By Ahmad Assiri, Research Strategist at Pepperstone

Gold continues to climb above the $5,000 per ounce level, which in itself is an important signal following the recent bout of sharp volatility. Notably, the metal has staged a strong recovery, rising by roughly 15% from its low after undergoing a steep correction. The initial selloff bore the hallmarks of a positioning- and leverage-driven liquidation, rather than a deterioration in the underlying fundamental narrative.
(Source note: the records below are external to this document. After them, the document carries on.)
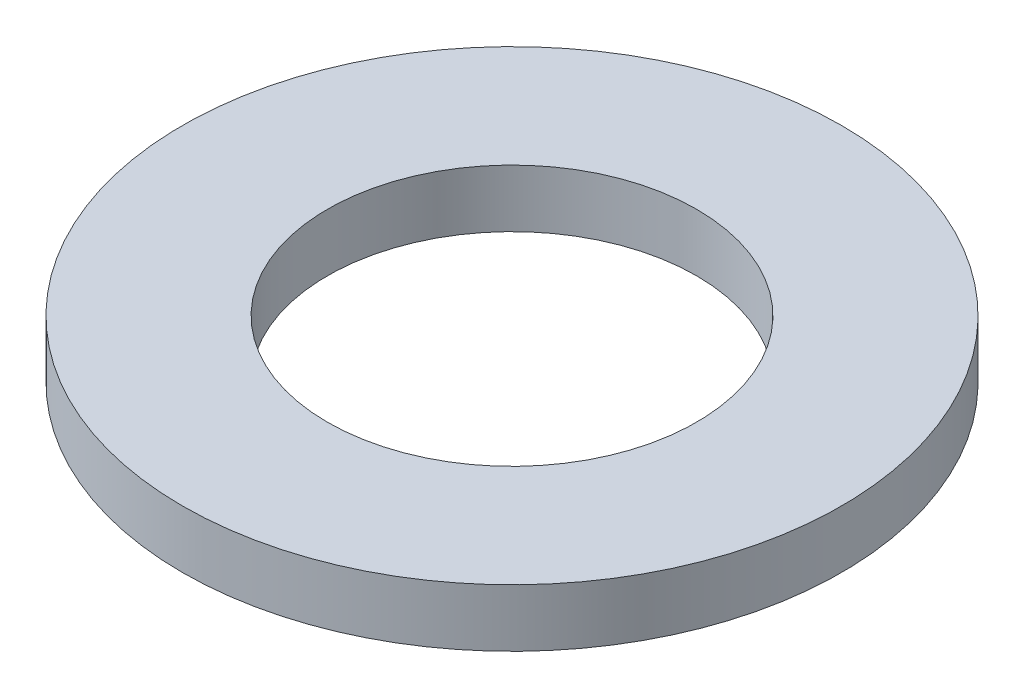
from build123d import *

# Parameters (mm, degrees)
SKETCH1_R           = 28.575
BOSS_EXTRUDE1_DEPTH = 5
SKETCH2_R           = 16
CUT_EXTRUDE1_DEPTH  = 5


with BuildPart() as part:
    # Sketch1 → Boss-Extrude1 (new body)
    with BuildSketch(Plane(origin=(0, 0, 0), x_dir=(1, 0, 0), z_dir=(0, 1, 0))):
        Circle(SKETCH1_R)
    extrude(amount=BOSS_EXTRUDE1_DEPTH)

    # Sketch2 → Cut-Extrude1 (cut)
    with BuildSketch(Plane(origin=(0, 5, 0), x_dir=(1, 0, 0), z_dir=(0, 1, 0))):
        Circle(SKETCH2_R)
    extrude(amount=-CUT_EXTRUDE1_DEPTH, mode=Mode.SUBTRACT)


solid = part.part
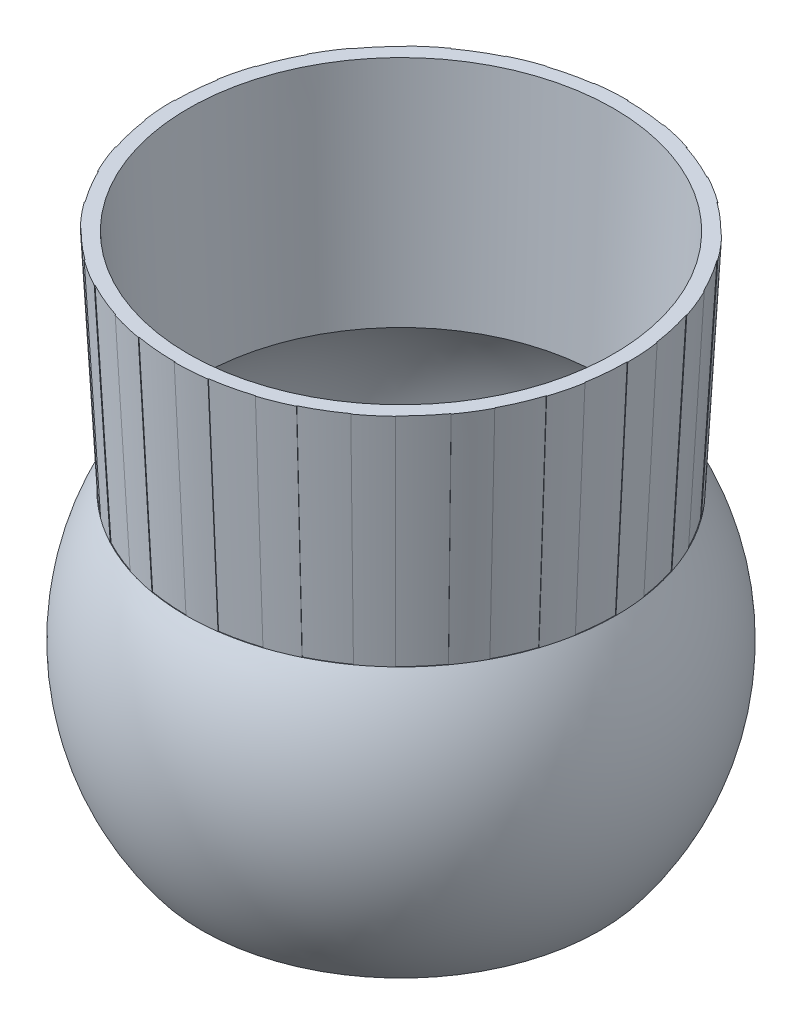
from build123d import *

# Parameters (mm, degrees)
CUT_REVOLVE1_ANGLE = 10
CIRPATTERN1_COUNT  = 20


with BuildPart() as part:
    # Sketch1 → Revolve1 (revolve)
    with BuildSketch(Plane(origin=(0, 0, 0), x_dir=(0, 0, -1), z_dir=(1, 0, 0))):
        with BuildLine():
            Line((45, 0), (42.5, -47.702841719))
            ThreePointArc((42.5, -47.702841719), (50.222540624, -76.742912379), (40, -105))
            Line((40, -105), (42.121320344, -107.121320344))
            ThreePointArc((42.121320344, -107.121320344), (52.934042404, -77.930858803), (45.5, -47.702841719))
            Line((45.5, -47.702841719), (48, 0))
            Line((48, 0), (45, 0))
        make_face()
    revolve(axis=Axis((0, 50.355486862, 0), (0, -1, 0)))

    # Sketch2 → Cut-Revolve1 (revolve, cut)
    with BuildSketch(Plane.XY):
        Polygon((48, 0), (45.5, -47.702841719), (45.374828457, -47.702841719), (47.874828457, 0), align=None)
    cut_revolve1 = revolve(axis=Axis((0, 0, 0), (0, -1, 0)), revolution_arc=CUT_REVOLVE1_ANGLE, mode=Mode.SUBTRACT)

    # CirPattern1: Cut-Revolve1 ×20 about axis
    cirpattern1_axis = Axis((0, 0, 0), (0, 1, 0))
    for i in range(1, CIRPATTERN1_COUNT):
        add(cut_revolve1.rotate(cirpattern1_axis, i * 360 / CIRPATTERN1_COUNT), mode=Mode.SUBTRACT)


solid = part.part

Heavily leveraged long positions were forced to reduce exposure in what amounted to a rapid and arguably exaggerated selloff across the broader metals complex.
From a price action perspective, the early phase of the rebound points to a V-shaped recovery, reflecting how quickly leveraged positioning has re-entered the market. That said, given the speed of the advance and the role leverage played in the prior drawdown, a period of consolidation would likely be healthier. A more gradual W-shaped recovery would allow excess leverage to be worked off, volatility to be absorbed and the broader uptrend to re-establish itself on more stable foundations.
Crucially, the fundamental backdrop for gold remains largely intact with central bank demand continues to provide a bid, reinforcing gold’s role as a strategic reserve asset. At the portfolio level, bullion still offers attractive diversification benefits relative to equities, with low correlation over the medium term even after accounting for the recent volatility as well as expectations around monetary policy remain supportive, while persistent geopolitical risks continue to underpin demand. From this perspective, the pillars supporting gold today look broadly similar to those in place prior to Friday’s correction.

Looking ahead, higher margin requirements could support a normalization in positioning and volatility. Even so, volatility is likely to remain elevated in the near term as markets continue to digest the recent meltdown and reassess risk appetite.

From a price-path standpoint, the recovery may prove uneven, with my basing process closer to a W-shaped formation appearing plausible. Beyond this consolidation phase, the broader trajectory still tilts higher, with the medium to long term outlook remaining consistent with a move toward the $6,000 per ounce region over the course of the year, assuming macro conditions continue to evolve along current lines.